02:25:26.000 It's not good.
02:25:28.000 The best way to communicate is...
02:25:29.000 Physically being in the same room with the person, looking them in the eyes, and using words.
02:25:35.000 And you get a much better sense of what the person is trying to communicate.
02:25:41.000 It's just such a filtered down.
02:25:43.000 Alan Levinovitz calls it processed information.
02:25:48.000 The same way processed food is bad for you, but processed information is bad for you.
02:25:53.000 And so many people are on a processed food diet and it's just terrible for their health.
02:25:57.000 Well, processed information is terrible for your mental health.
02:26:01.000 I think he's dead right and I think it's an excellent way to describe it.
02:26:05.000 But it is also a cultural thing.
02:26:07.000 It doesn't have to be this way.
02:26:09.000 The internet could be any way that people wanted it to be.
02:26:12.000 And you could hold yourself to a different standard.
02:26:15.000 Sometimes I'll see people posting things like, I don't know, I don't have time to look it up, but I think it's this.
02:26:20.000 You just posted it.
02:26:22.000 You have time.
02:26:22.000 You're writing this on the greatest information-gathering machine ever devised by man.
02:26:27.000 Why don't you just look it up?
02:26:29.000 And not post yet.
02:26:31.000 And not post yet.
02:26:33.000 And this really is a remarkable time.
02:26:35.000 Do you know about Sci-Hub?
02:26:37.000 Have you ever heard about that?
02:26:38.000 No.
02:26:38.000 Oh, man.
02:26:39.000 I'm glad to be able to talk about this even briefly with you because it's crazy.
02:26:42.000 You know who Aaron Schwartz was, right?
02:26:44.000 So you know that when Aaron Schwartz died...
02:26:46.000 What happened?
02:26:48.000 He was trying to collect all the scientific, scholarly literature and make it freely available.
02:26:52.000 What's not widely known is that someone else tried to do the same thing and they succeeded.

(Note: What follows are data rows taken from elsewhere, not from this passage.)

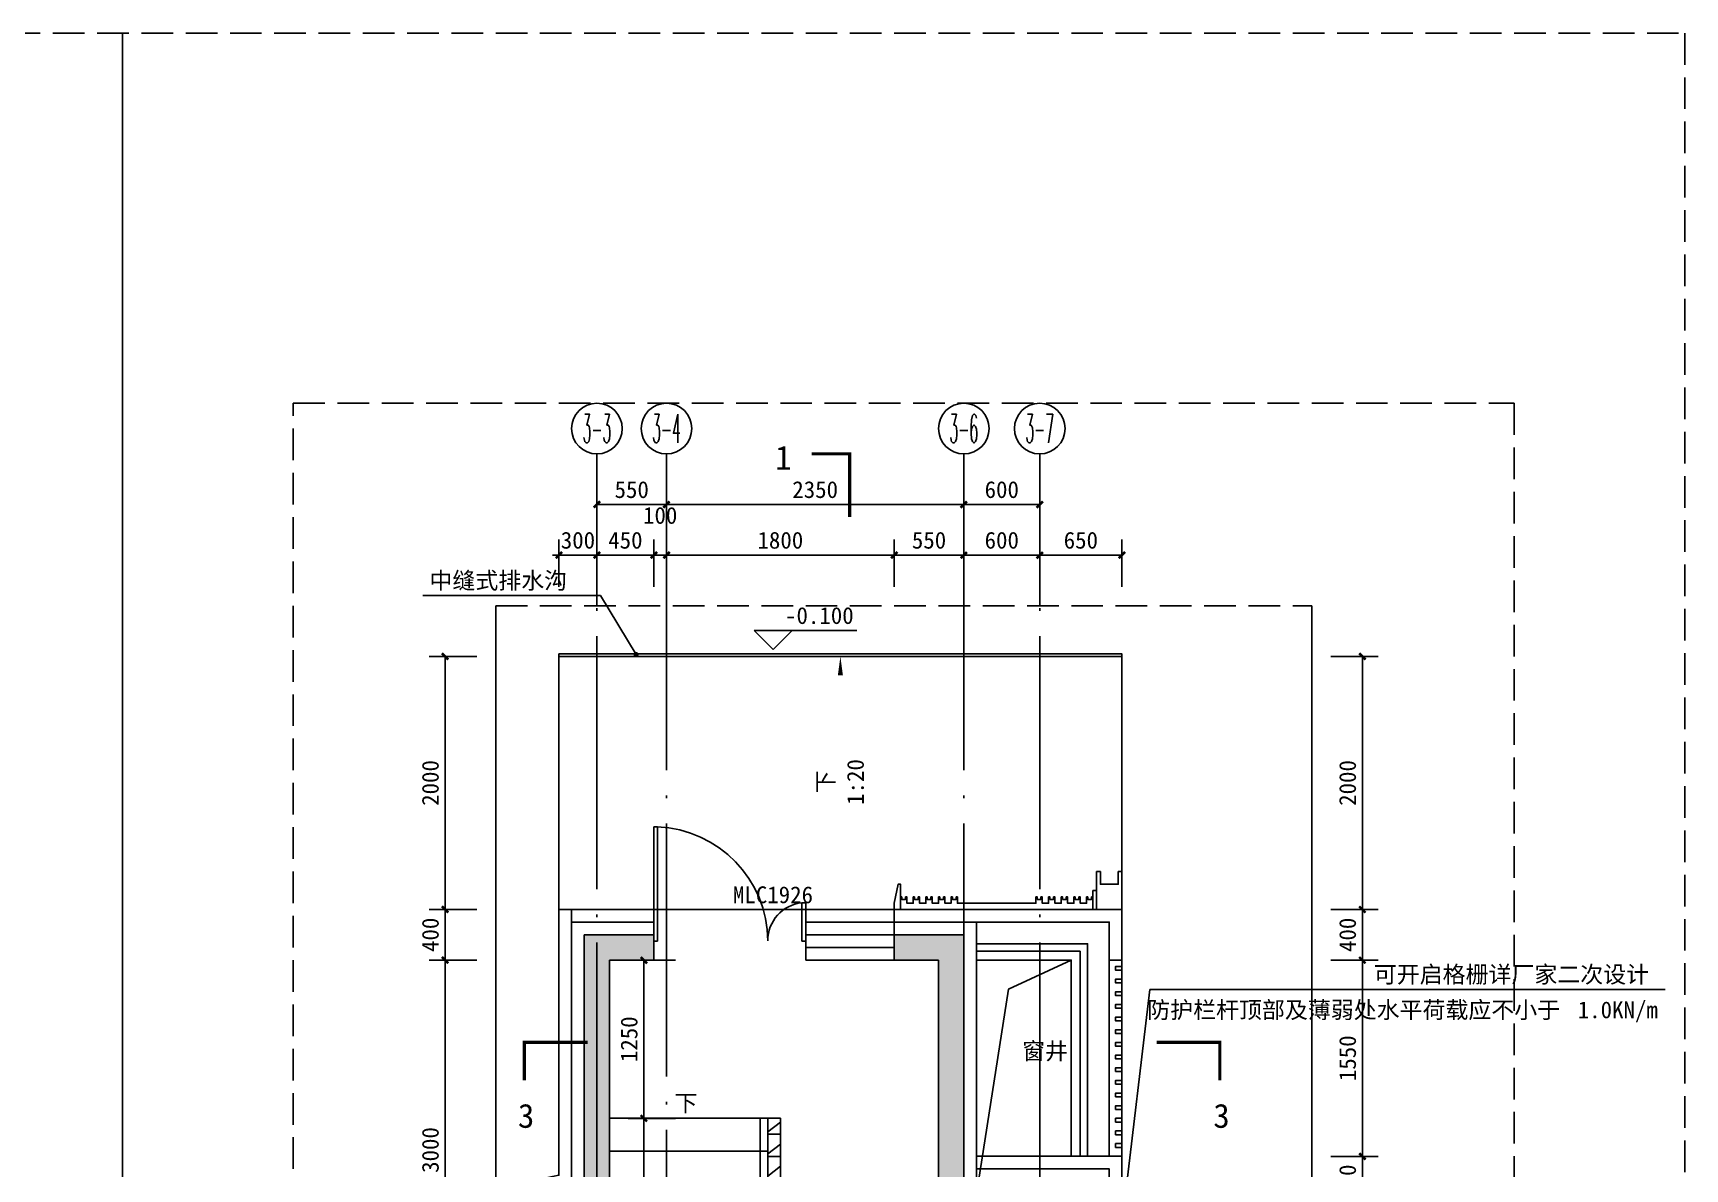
# Model space of a CAD drawing. Extents: x -10817 to 167545, y 26551 to 157048.
# Drawn here: x 25243 to 38300, y 56776 to 65751 of the extents above; entities that cross this region are included whole.
import ezdxf
from ezdxf.enums import TextEntityAlignment as Align
from ezdxf.xclip import XClip

# ---------------------------------------------------------------- set-up
doc = ezdxf.new("R2010")
doc.units = 0
doc.header["$LTSCALE"] = 1000
doc.header["$MEASUREMENT"] = 0
doc.header["$XCLIPFRAME"] = 0
doc.linetypes.add('DASH', pattern=[0.35, 0.25, -0.1])
doc.linetypes.add('DOTE', pattern=[2.42, 2, -0.2, 0.02, -0.2])
doc.layers.get('Defpoints').update_dxf_attribs({"color": 30, "linetype": 'DASH'})
for name, color, linetype in [('125-北侧门头$0$125-北侧门头$0$A-00-HX-113-wall-01Y$0$HRAL', 31, 'Continuous'), ('125-北侧门头$0$125-北侧门头$0$A-DRAN-SYMB', 243, 'Continuous'), ('125-北侧门头$0$125-北侧门头$0$A-FLOR-UNDR', 177, 'Continuous'), ('125-北侧门头$0$125-北侧门头$0$造甲村-建筑200户型底图$0$A-FURN', 8, 'Continuous'), ('125-核心筒-首层南入$0$A-COLU-CONC-HATC', 204, 'Continuous'), ('125-核心筒-首层南入$0$A-DOOR', 51, 'Continuous'), ('125-核心筒-首层南入$0$A-FLOR-HRAL', 71, 'Continuous'), ('125-核心筒-首层南入$0$A-FLOR-STRS', 51, 'Continuous'), ('125-核心筒-首层南入$0$A-WALL-BLOK', 131, 'Continuous'), ('125-核心筒-首层南入$0$A-WALL-CONC', 9, 'Continuous'), ('125-核心筒-首层南入$0$A-WALL-INSL', 241, 'Continuous'), ('3#-夹层$0$A-ANNO-LEVL', 3, 'Continuous'), ('3#-夹层$0$A-ANNO-SYMB', 3, 'Continuous'), ('3#-夹层$0$A-ANNO-TEXT', 7, 'Continuous'), ('A-ANNO-AXIS-CIRC', 3, 'Continuous'), ('A-ANNO-AXIS-TEXT', 7, 'Continuous'), ('A-ANNO-DIMS', 3, 'Continuous'), ('A-ANNO-DOTE', 10, 'DOTE'), ('A-ANNO-NOTE', 3, 'Continuous'), ('A-ANNO-SYMB', 3, 'Continuous'), ('A-ANNO-TEXT', 7, 'Continuous'), ('AXIS_TEXT', 7, 'Continuous')]:
    doc.layers.add(name, color=color, linetype=linetype)
doc.styles.add('3#-夹层$0$_TCH_DIM', font='')
doc.styles.add('_TCH_AXIS', font='COMPLEX', dxfattribs={"bigfont": 'GBCBIG'})
doc.styles.add('_TCH_DIM', font='')
doc.styles.add('_TCH_DIM_T3', font='')
doc.styles.add('_TCH_LABEL', font='')
doc.styles.add('COMPLEX', font='COMPLEX')
doc.styles.get("Standard").update_dxf_attribs({"font": ''})
doc.styles.get('3#-夹层$0$_TCH_DIM').set_extended_font_data('SimSun')
doc.styles.get('_TCH_DIM').set_extended_font_data('SimSun')
doc.styles.get('_TCH_DIM_T3').set_extended_font_data('SimSun')
doc.styles.get('_TCH_LABEL').set_extended_font_data('SimSun')
doc.styles.get('Standard').set_extended_font_data('SimSun')
doc.dimstyles.new('_TCH_ARCH&&50', dxfattribs={"dimtxt": 132.911392, "dimasz": 50, "dimexe": 125, "dimexo": 150, "dimgap": 50, "dimtad": 1, "dimdec": 0, "dimzin": 0, "dimdsep": 46, "dimtxsty": '_TCH_DIM_T3', "dimblk": 'ARCHTICK', "dimcen": 0.09, "dimclrt": 7, "dimazin": 2, "dimtfac": 1, "dimtdec": 0, "dimtix": 1, "dimtmove": 2, "dimatfit": 3, "dimfxl": 50, "dimtolj": 1, "dimtzin": 0, "dimarcsym": 0})

# ---------------------------------------------------------------- blocks, each defined once
blk = doc.blocks.new('125-北侧门头$0$125-北侧门头$0$DDDA$C0A4D4CDB')
at = {"color": 0}
for p, q in [((193, 557), (117, 469)), ((193, 557), (269, 469)), ((75, 409), (312, 409)), ((117, 469), (166, 481)), ((166, 481), (166, 426)), ((166, 426), (193, 460)), ((220, 426), (193, 460)), ((220, 481), (220, 426)), ((269, 469), (220, 481)), ((0, 0), (0, 370)), ((0, 370), (995, 370)), ((995, 370), (995, 0)), ((995, 0), (0, 0)), ((995, 57), (1037, 57)), ((1037, 20), (995, 20)), ((1037, 57), (1037, 20))]:
    blk.add_line(p, q, dxfattribs=at)
for centre, start_param, end_param in [((75, 370), 0.785398, 2.356194), ((312, 370), 5.497787, 7.068583)]:
    blk.add_ellipse(centre, major_axis=(27.3, 27.3), ratio=1, start_param=start_param, end_param=end_param, dxfattribs=at)
blk = doc.blocks.new('125-北侧门头')
at = {"layer": '125-北侧门头$0$125-北侧门头$0$A-DRAN-SYMB'}
h = blk.add_hatch(dxfattribs=at)
h.set_pattern_fill('ANSI31', color=256, scale=5, angle=270, style=0)
h.set_pattern_definition([(315, (-58418.732, -6432.753), (5.6126601, 5.6126601), [])])
edge = h.paths.add_edge_path()
edge.add_arc((3900, -1850), 25, 0, 360)
at = {"layer": '125-北侧门头$0$125-北侧门头$0$A-00-HX-113-wall-01Y$0$HRAL'}
for points in [[(4150, 2300), (4150, 2320), (-300, 2320), (-300, 2300)], [(2400, 300), (2400, 500), (2380, 500), (2350, 350), (2350, 300)], [(3920, 400), (3910, 400), (3910, 380), (3880, 380), (3880, 400), (3870, 400), (3870, 350), (3820, 350), (3820, 400), (3810, 400), (3810, 380), (3780, 380), (3780, 400), (3770, 400), (3770, 350), (3720, 350), (3720, 400), (3710, 400), (3710, 380), (3680, 380), (3680, 400), (3670, 400), (3670, 350), (3620, 350), (3620, 400), (3610, 400), (3610, 380), (3580, 380), (3580, 400), (3570, 400), (3570, 350), (3520, 350), (3520, 400), (3510, 400), (3510, 380), (3480, 380), (3480, 400), (3470, 400), (3470, 350), (2850, 350), (2850, 400), (2840, 400), (2840, 380), (2810, 380), (2810, 400), (2800, 400), (2800, 350), (2750, 350), (2750, 400), (2740, 400), (2740, 380), (2710, 380), (2710, 400), (2700, 400), (2700, 350), (2650, 350), (2650, 400), (2640, 400), (2640, 380), (2610, 380), (2610, 400), (2600, 400), (2600, 350), (2550, 350), (2550, 400), (2540, 400), (2540, 380), (2510, 380), (2510, 400), (2500, 400), (2500, 350), (2450, 350), (2450, 400), (2440, 400), (2440, 380), (2410, 380), (2410, 400), (2400, 400)], [(-200, 300), (-300, 300), (-300, -1800)], [(-201, 300), (450, 300), (450, 200), (-201, 200)], [(-201, 300), (-201, 200)], [(4049, -100), (4149, -100), (4149, 300), (2350, 300), (2350, 200), (4049, 200), (4049, 200), (4049, -100)], [(4149, -100), (4149, -1650)], [(2999, -1750), (4049, -1750), (4049, -2050), (4149, -2050), (4149, -1650), (2999, -1650)], [(-450, -1850), (-450, -1850), (-450, -1830), (-300, -1800), (-300, -1800)], [(-450, -1850), (-450, -1860), (-430, -1860), (-430, -1890), (-450, -1890), (-450, -1900), (-400, -1900), (-400, -1950), (-450, -1950), (-450, -1960), (-430, -1960), (-430, -1990), (-450, -1990), (-450, -2000), (-400, -2000), (-400, -2050), (-450, -2050)], [(-450, -2050), (-450, -2060), (-430, -2060), (-430, -2090), (-450, -2090), (-450, -2100), (-400, -2100), (-400, -2150), (-450, -2150), (-450, -2160), (-430, -2160), (-430, -2190), (-450, -2190), (-450, -2200), (-400, -2200), (-400, -2250), (-450, -2250), (-450, -2260), (-430, -2260), (-430, -2290), (-450, -2290), (-450, -2300), (-400, -2300), (-400, -2350), (-450, -2350), (-450, -2360), (-430, -2360), (-430, -2390), (-450, -2390), (-450, -2400), (-400, -2400), (-400, -2450), (-450, -2450), (-450, -2460), (-430, -2460), (-430, -2490), (-450, -2490), (-450, -2500), (-400, -2500), (-400, -2550), (-450, -2550)], [(4149, -2050), (4149, -3100)], [(-450, -2550), (-450, -2560), (-430, -2560), (-430, -2590), (-450, -2590), (-450, -2600), (-400, -2600), (-400, -2650), (-450, -2650), (-450, -2660), (-430, -2660), (-430, -2690), (-450, -2690), (-450, -2700), (-400, -2700), (-400, -2750), (-450, -2750), (-450, -2760), (-430, -2760), (-430, -2790), (-450, -2790), (-450, -2800)], [(-450, -2800), (-400, -2800), (-400, -3400)], [(4049, -3400), (4049, -3100), (4149, -3100), (4149, -3400)]]:
    blk.add_lwpolyline(points, dxfattribs=at)
for points in [[(-300, 2300), (4150, 2300), (4150, 300), (-300, 300)], [(4149, -180), (4149, -150), (4099, -150), (4099, -180)], [(4149, -280), (4149, -250), (4099, -250), (4099, -280)], [(4149, -380), (4149, -350), (4099, -350), (4099, -380)], [(4149, -480), (4149, -450), (4099, -450), (4099, -480)], [(4149, -580), (4149, -550), (4099, -550), (4099, -580)], [(4149, -680), (4149, -650), (4099, -650), (4099, -680)], [(4149, -780), (4149, -750), (4099, -750), (4099, -780)], [(4149, -880), (4149, -850), (4099, -850), (4099, -880)], [(4149, -980), (4149, -950), (4099, -950), (4099, -980)], [(4149, -1080), (4149, -1050), (4099, -1050), (4099, -1080)], [(4149, -1180), (4149, -1150), (4099, -1150), (4099, -1180)], [(4149, -1280), (4149, -1250), (4099, -1250), (4099, -1280)], [(4149, -1380), (4149, -1350), (4099, -1350), (4099, -1380)], [(4149, -1480), (4149, -1450), (4099, -1450), (4099, -1480)], [(4149, -1580), (4149, -1550), (4099, -1550), (4099, -1580)], [(4149, -2130), (4149, -2100), (4099, -2100), (4099, -2130)], [(4149, -2230), (4149, -2200), (4099, -2200), (4099, -2230)], [(4149, -2330), (4149, -2300), (4099, -2300), (4099, -2330)], [(4149, -2430), (4149, -2400), (4099, -2400), (4099, -2430)], [(4149, -2530), (4149, -2500), (4099, -2500), (4099, -2530)], [(4149, -2630), (4149, -2600), (4099, -2600), (4099, -2630)], [(4149, -2730), (4149, -2700), (4099, -2700), (4099, -2730)], [(4149, -2830), (4149, -2800), (4099, -2800), (4099, -2830)], [(4149, -2930), (4149, -2900), (4099, -2900), (4099, -2930)], [(4149, -3030), (4149, -3000), (4099, -3000), (4099, -3030)]]:
    blk.add_lwpolyline(points, close=True, dxfattribs=at)
at = {"layer": '125-北侧门头$0$125-北侧门头$0$A-00-HX-113-wall-01Y$0$HRAL', "elevation": 0}
for points in [[(4150, 300), (4150, 600), (4120, 600), (4120, 500), (3980, 500), (3980, 600), (3950, 600), (3950, 300), (3920, 300)], [(3950, 450), (3920, 450), (3920, 300)]]:
    blk.add_lwpolyline(points, dxfattribs=at)
at = {"layer": '125-北侧门头$0$125-北侧门头$0$A-DRAN-SYMB'}
blk.add_circle((3900, -1850), 25, dxfattribs=at)
at = {"layer": '125-北侧门头$0$125-北侧门头$0$A-FLOR-UNDR'}
for points in [[(3000, -1650), (4049, -1650), (4049, 200), (3000, 200)], [(3000, -1650), (3749, -1650), (3749, -100), (3000, -100)]]:
    blk.add_lwpolyline(points, close=True, dxfattribs=at)
blk.add_lwpolyline([(2999, -1950), (3252, -330), (3749, -100)], dxfattribs=at)
at = {"layer": '125-北侧门头$0$125-北侧门头$0$造甲村-建筑200户型底图$0$A-FURN', "ltscale": 0.1, "extrusion": (0, 0, -1), "xscale": -1, "zscale": -1, "rotation": 90}
blk.add_blockref('125-北侧门头$0$125-北侧门头$0$DDDA$C0A4D4CDB', (-3330, -1858), dxfattribs=at)
blk = doc.blocks.new('125-核心筒-首层南入$0$$DorLib2D$00000225')
at = {"color": 0}
for p, q in [((0.475, -0.001), (0.475, 0.752)), ((0.475, 0.752), (0.5, 0.752)), ((0.5, -0.001), (0.5, 0.752)), ((-0.5, 0), (-0.5, 0.252)), ((-0.475, 0.252), (-0.5, 0.252)), ((-0.475, 0), (-0.475, 0.252)), ((-0.475, 0), (-0.5, 0)), ((0.475, -0.001), (0.5, -0.001))]:
    blk.add_line(p, q, dxfattribs=at)
for centre, radius, start, end in [((0.505, -0.002), 0.755, 92.2493, 179.7238), ((-0.501, 0.003), 0.251, 359.7899, 84.0974)]:
    blk.add_arc(centre, radius, start, end, dxfattribs=at)
blk = doc.blocks.new('125-核心筒-首层南入$0$$WINLIB2D$00000001')
at = {"color": 0}
for points in [[(-0.5, 0.5), (-0.5, -0.5)], [(-0.5, 0.5), (0.5, 0.5)], [(0.5, -0.5), (0.5, 0.5)], [(0.5, 0.167), (-0.5, 0.167)], [(0.5, -0.167), (-0.5, -0.167)], [(-0.5, -0.5), (0.5, -0.5)]]:
    blk.add_lwpolyline(points, dxfattribs=at)
blk = doc.blocks.new('125-核心筒-首层南入')
at = {"layer": '125-核心筒-首层南入$0$A-COLU-CONC-HATC'}
for points in [[(-1850, 10800), (-1650, 10600), (-1300, 10600), (-1300, 10800)], [(-1850, 7800), (-1650, 7800), (-1650, 10600), (-1850, 10800)], [(600, 10800), (600, 10600), (950, 10600), (1150, 10800)], [(950, 7800), (1150, 7800), (1150, 10800), (950, 10600)]]:
    blk.add_hatch(color=256, dxfattribs=at).paths.add_polyline_path(points)
h = blk.add_hatch(dxfattribs=at)
h.set_pattern_fill('空心砖', color=256, scale=50, style=0)
h.set_pattern_definition([(0, (0, 0), (0, 175), []), (37.875, (200, 0), (-84.8076, 109.0383), []), (90, (200, 0), (-225, 1e-14), [])])
h.paths.add_polyline_path([(-400, 9350), (-400, 7050), (-333.3, 7050), (-300, 7100), (-300, 9350)])
at = {"layer": '125-核心筒-首层南入$0$A-FLOR-HRAL'}
for points in [[(2128.5, 9050), (2128.5, 10730), (1250, 10730)], [(2068.5, 9050), (2068.5, 10670), (1250, 10670)]]:
    blk.add_lwpolyline(points, dxfattribs=at)
at = {"layer": '125-核心筒-首层南入$0$A-FLOR-STRS'}
for p, q in [((-1650, 5450), (-1650, 9350)), ((-1650, 9350), (-400, 9350)), ((-460, 5450), (-460, 9350)), ((-460, 9350), (-400, 9350)), ((-400, 5450), (-400, 9350)), ((-400, 5450), (-400, 9350)), ((-1650, 9090), (-400, 9090))]:
    blk.add_line(p, q, dxfattribs=at)
at = {"layer": '125-核心筒-首层南入$0$A-WALL-BLOK'}
for p, q in [((-400, 9350), (-400, 7050)), ((-300, 9350), (-400, 9350)), ((-300, 9350), (-300, 7100))]:
    blk.add_line(p, q, dxfattribs=at)
at = {"layer": '125-核心筒-首层南入$0$A-WALL-CONC'}
for p, q in [((-1850, 10800), (-1300, 10800)), ((-1850, 7800), (-1850, 10800)), ((-1300, 10600), (-1300, 10800)), ((600, 10600), (600, 10800)), ((600, 10800), (1150, 10800)), ((1150, 10800), (1150, 7800)), ((-1650, 10600), (-1300, 10600)), ((-1650, 7800), (-1650, 10600)), ((600, 10600), (950, 10600)), ((950, 10600), (950, 7800))]:
    blk.add_line(p, q, dxfattribs=at)
at = {"layer": '125-核心筒-首层南入$0$A-WALL-INSL'}
for p, q in [((-1300, 10900), (-1300, 10800)), ((600, 10900), (600, 10800))]:
    blk.add_line(p, q, dxfattribs=at)
for points in [[(-1300, 10800), (-1300, 10900), (-1950, 10900), (-1950, 7900), (-2150, 7900), (-2150, 7300), (-2650, 7300)], [(600, 10800), (600, 10900), (1250, 10900), (1250, 7900), (1450, 7900), (1450, 7300), (2400, 7300)]]:
    blk.add_lwpolyline(points, dxfattribs=at)
blk.add_blockref('125-北侧门头', (-1750, 10700))
at = {"layer": '125-核心筒-首层南入$0$A-DOOR', "zscale": 300}
for name, p, xscale, yscale in [('125-核心筒-首层南入$0$$DorLib2D$00000225', (-700, 10750), -1200, 1200), ('125-核心筒-首层南入$0$$WINLIB2D$00000001', (250, 10750), -700, 300)]:
    blk.add_blockref(name, p, dxfattribs=dict(at, xscale=xscale, yscale=yscale))
blk = doc.blocks.new('_ArchTick')
at = {"color": 0, "linetype": 'ByBlock', "const_width": 0.4}
blk.add_lwpolyline([(-0.5, -0.5), (0.5, 0.5)], dxfattribs=at)
blk = doc.blocks.new('*D1526')
at = {"layer": 'A-ANNO-DIMS', "color": 0, "lineweight": -2, "transparency": 16777216}
for p, q in [((30321, 58426), (29946, 58426)), ((30071, 57176), (30071, 58426)), ((30321, 57176), (29946, 57176))]:
    blk.add_line(p, q, dxfattribs=at)
at = {"layer": 'Defpoints', "color": 0, "transparency": 16777216}
for p in [(30071, 58426), (30471, 58426), (30471, 57176)]:
    blk.add_point(p, dxfattribs=at)
at = {"layer": 'A-ANNO-DIMS', "color": 0, "lineweight": -2, "transparency": 16777216, "xscale": 50, "yscale": 50, "zscale": 50}
for p, rotation in [((30071, 58426), 90), ((30071, 57176), 270)]:
    blk.add_blockref('_ArchTick', p, dxfattribs=dict(at, rotation=rotation))
at = {"layer": 'A-ANNO-DIMS', "color": 7, "transparency": 16777216, "insert": (29955, 57801), "char_height": 132.9, "attachment_point": 5, "rotation": 90, "style": '_TCH_DIM_T3'}
blk.add_mtext('\\A1;1250', dxfattribs=at)
blk = doc.blocks.new('*D1527')
at = {"layer": 'A-ANNO-DIMS', "color": 0, "lineweight": -2, "transparency": 16777216}
for p, q in [((30321, 57176), (29946, 57176)), ((30071, 53276), (30071, 57176)), ((30321, 53276), (29946, 53276))]:
    blk.add_line(p, q, dxfattribs=at)
at = {"layer": 'Defpoints', "color": 0, "transparency": 16777216}
for p in [(30071, 57176), (30471, 57176), (30471, 53276)]:
    blk.add_point(p, dxfattribs=at)
at = {"layer": 'A-ANNO-DIMS', "color": 0, "lineweight": -2, "transparency": 16777216, "xscale": 50, "yscale": 50, "zscale": 50}
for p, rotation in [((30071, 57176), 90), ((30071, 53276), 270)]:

02:26:57.000 And there is this website called SciHub.se.
02:27:02.000 The dot suffix changes periodically.
02:27:05.000 And this is a woman in...
02:27:07.000 I believe she's in Kazakhstan.
02:27:09.000 I'm going to mispronounce her name.
02:27:10.000 I think it's Alexandra Elkbakian.
02:27:12.000 And she successfully created a website that allows you to access every scientific article ever published in the history of mankind.
02:27:23.000 Whoa.
02:27:24.000 In the history of, yes.
02:27:25.000 It is, like, to...
02:27:30.000 You can't overestimate the significance of what this is.
02:27:32.000 How long ago did she do this?
02:27:53.000 What is science?
02:27:54.000 What science really is, is a series of thousands and thousands and thousands of short papers.
02:28:00.000 When people talk about the body of scientific knowledge, they're talking about these short papers that up until recently have been paywalled.
02:28:06.000 So if you wanted to read even a two-page article, you'd have to pay $40 to do it.
02:28:11.000 She figured out a system where she could use the electronic resources of every major university to automatically download their entire catalogs of scientific literature and make it freely available to everyone in the world.
02:28:27.000 So it doesn't matter if you are in Kenya or Ethiopia or wherever.
02:28:31.000 You have access to the full digital resources of Oxford and Harvard and Yale.
02:28:37.000 And it is...
02:28:38.000 It's going to change.
02:28:39.000 I mean, it already has changed the world.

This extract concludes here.